Data items:
# # #
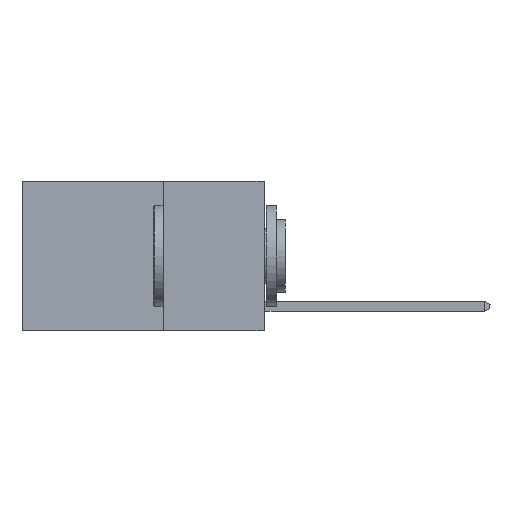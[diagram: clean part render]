
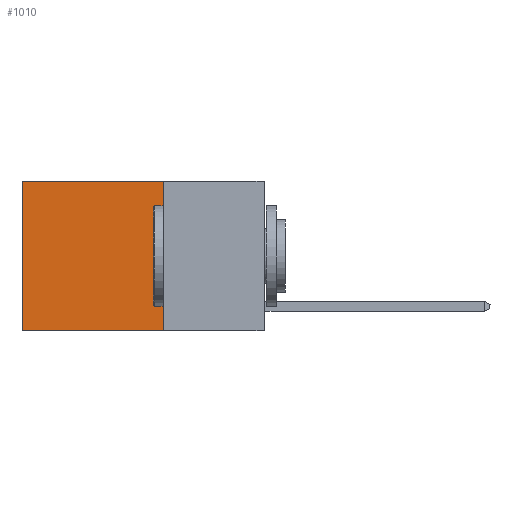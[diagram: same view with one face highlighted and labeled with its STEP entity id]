
A CAD part, left-side view. The second image highlights one B-rep face of the part: STEP entity #1010.
In plain terms, the highlighted planar face has unit normal (-1, 0, 0).
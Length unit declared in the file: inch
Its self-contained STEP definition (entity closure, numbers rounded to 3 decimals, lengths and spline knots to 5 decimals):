
#1010 = ADVANCED_FACE ( 'NONE', ( #2412 ), #1039, .F. ) ;
#1016 = VERTEX_POINT ( 'NONE', #7226 ) ;
#1039 = PLANE ( 'NONE',  #10016 ) ;
#1067 = ORIENTED_EDGE ( 'NONE', *, *, #8487, .F. ) ;
#1340 = VECTOR ( 'NONE', #10227, 39.37008 ) ;
#1509 = CARTESIAN_POINT ( 'NONE',  ( 0.2625, 0.6, 0. ) ) ;
#1518 = ORIENTED_EDGE ( 'NONE', *, *, #9196, .T. ) ;
#2223 = DIRECTION ( 'NONE',  ( 1., 0., 0. ) ) ;
#2412 = FACE_OUTER_BOUND ( 'NONE', #11125, .T. ) ;
#2952 = ORIENTED_EDGE ( 'NONE', *, *, #3661, .T. ) ;
#3035 = VECTOR ( 'NONE', #7228, 39.37008 ) ;
#3261 = EDGE_CURVE ( 'NONE', #11435, #7543, #4113, .T. ) ;
#3424 = CARTESIAN_POINT ( 'NONE',  ( 0.2625, 0.25, -0.37 ) ) ;
#3661 = EDGE_CURVE ( 'NONE', #1016, #9019, #9718, .T. ) ;
#3727 = DIRECTION ( 'NONE',  ( 0., 0., -1. ) ) ;
#3807 = VECTOR ( 'NONE', #5611, 39.37008 ) ;
#4113 = LINE ( 'NONE', #6784, #1340 ) ;
#4657 = CARTESIAN_POINT ( 'NONE',  ( 0.2625, 0.25, 0. ) ) ;
#5178 = VECTOR ( 'NONE', #3727, 39.37008 ) ;
#5189 = DIRECTION ( 'NONE',  ( 0., 0., -1. ) ) ;
#5611 = DIRECTION ( 'NONE',  ( 0., 1., 0. ) ) ;
#6784 = CARTESIAN_POINT ( 'NONE',  ( 0.2625, 0.25, 0. ) ) ;
#7226 = CARTESIAN_POINT ( 'NONE',  ( 0.2625, 0.6, 0. ) ) ;
#7228 = DIRECTION ( 'NONE',  ( 0., 1., 0. ) ) ;
#7543 = VERTEX_POINT ( 'NONE', #3424 ) ;
#8487 = EDGE_CURVE ( 'NONE', #7543, #9019, #11839, .T. ) ;
#9019 = VERTEX_POINT ( 'NONE', #11163 ) ;
#9196 = EDGE_CURVE ( 'NONE', #11435, #1016, #12452, .T. ) ;
#9224 = CARTESIAN_POINT ( 'NONE',  ( 0.2625, 0.25, -0.37 ) ) ;
#9638 = CARTESIAN_POINT ( 'NONE',  ( 0.2625, 0.25, 0. ) ) ;
#9718 = LINE ( 'NONE', #1509, #5178 ) ;
#10016 = AXIS2_PLACEMENT_3D ( 'NONE', #10098, #2223, #5189 ) ;
#10098 = CARTESIAN_POINT ( 'NONE',  ( 0.2625, 0.25, 0. ) ) ;
#10227 = DIRECTION ( 'NONE',  ( 0., 0., -1. ) ) ;
#11125 = EDGE_LOOP ( 'NONE', ( #2952, #1067, #11843, #1518 ) ) ;
#11163 = CARTESIAN_POINT ( 'NONE',  ( 0.2625, 0.6, -0.37 ) ) ;
#11435 = VERTEX_POINT ( 'NONE', #9638 ) ;
#11839 = LINE ( 'NONE', #9224, #3035 ) ;
#11843 = ORIENTED_EDGE ( 'NONE', *, *, #3261, .F. ) ;
#12452 = LINE ( 'NONE', #4657, #3807 ) ;
# # #
With the pictures left out, return each entry exactly as written.

### SOLUTION TO THIS TASK
[diagram: clean part render]
[diagram: same view with one face highlighted and labeled with its STEP entity id]
A CAD part, left-side view. The second image highlights one B-rep face of the part: STEP entity #1010.
In plain terms, the highlighted planar face has unit normal (-1, 0, 0).
Length unit declared in the file: inch
Its self-contained STEP definition (entity closure, numbers rounded to 3 decimals, lengths and spline knots to 5 decimals):
#1010 = ADVANCED_FACE ( 'NONE', ( #2412 ), #1039, .F. ) ;
#1016 = VERTEX_POINT ( 'NONE', #7226 ) ;
#1039 = PLANE ( 'NONE',  #10016 ) ;
#1067 = ORIENTED_EDGE ( 'NONE', *, *, #8487, .F. ) ;
#1340 = VECTOR ( 'NONE', #10227, 39.37008 ) ;
#1509 = CARTESIAN_POINT ( 'NONE',  ( 0.2625, 0.6, 0. ) ) ;
#1518 = ORIENTED_EDGE ( 'NONE', *, *, #9196, .T. ) ;
#2223 = DIRECTION ( 'NONE',  ( 1., 0., 0. ) ) ;
#2412 = FACE_OUTER_BOUND ( 'NONE', #11125, .T. ) ;
#2952 = ORIENTED_EDGE ( 'NONE', *, *, #3661, .T. ) ;
#3035 = VECTOR ( 'NONE', #7228, 39.37008 ) ;
#3261 = EDGE_CURVE ( 'NONE', #11435, #7543, #4113, .T. ) ;
#3424 = CARTESIAN_POINT ( 'NONE',  ( 0.2625, 0.25, -0.37 ) ) ;
#3661 = EDGE_CURVE ( 'NONE', #1016, #9019, #9718, .T. ) ;
#3727 = DIRECTION ( 'NONE',  ( 0., 0., -1. ) ) ;
#3807 = VECTOR ( 'NONE', #5611, 39.37008 ) ;
#4113 = LINE ( 'NONE', #6784, #1340 ) ;
#4657 = CARTESIAN_POINT ( 'NONE',  ( 0.2625, 0.25, 0. ) ) ;
#5178 = VECTOR ( 'NONE', #3727, 39.37008 ) ;
#5189 = DIRECTION ( 'NONE',  ( 0., 0., -1. ) ) ;
#5611 = DIRECTION ( 'NONE',  ( 0., 1., 0. ) ) ;
#6784 = CARTESIAN_POINT ( 'NONE',  ( 0.2625, 0.25, 0. ) ) ;
#7226 = CARTESIAN_POINT ( 'NONE',  ( 0.2625, 0.6, 0. ) ) ;
#7228 = DIRECTION ( 'NONE',  ( 0., 1., 0. ) ) ;
#7543 = VERTEX_POINT ( 'NONE', #3424 ) ;
#8487 = EDGE_CURVE ( 'NONE', #7543, #9019, #11839, .T. ) ;
#9019 = VERTEX_POINT ( 'NONE', #11163 ) ;
#9196 = EDGE_CURVE ( 'NONE', #11435, #1016, #12452, .T. ) ;
#9224 = CARTESIAN_POINT ( 'NONE',  ( 0.2625, 0.25, -0.37 ) ) ;
#9638 = CARTESIAN_POINT ( 'NONE',  ( 0.2625, 0.25, 0. ) ) ;
#9718 = LINE ( 'NONE', #1509, #5178 ) ;
#10016 = AXIS2_PLACEMENT_3D ( 'NONE', #10098, #2223, #5189 ) ;
#10098 = CARTESIAN_POINT ( 'NONE',  ( 0.2625, 0.25, 0. ) ) ;
#10227 = DIRECTION ( 'NONE',  ( 0., 0., -1. ) ) ;
#11125 = EDGE_LOOP ( 'NONE', ( #2952, #1067, #11843, #1518 ) ) ;
#11163 = CARTESIAN_POINT ( 'NONE',  ( 0.2625, 0.6, -0.37 ) ) ;
#11435 = VERTEX_POINT ( 'NONE', #9638 ) ;
#11839 = LINE ( 'NONE', #9224, #3035 ) ;
#11843 = ORIENTED_EDGE ( 'NONE', *, *, #3261, .F. ) ;
#12452 = LINE ( 'NONE', #4657, #3807 ) ;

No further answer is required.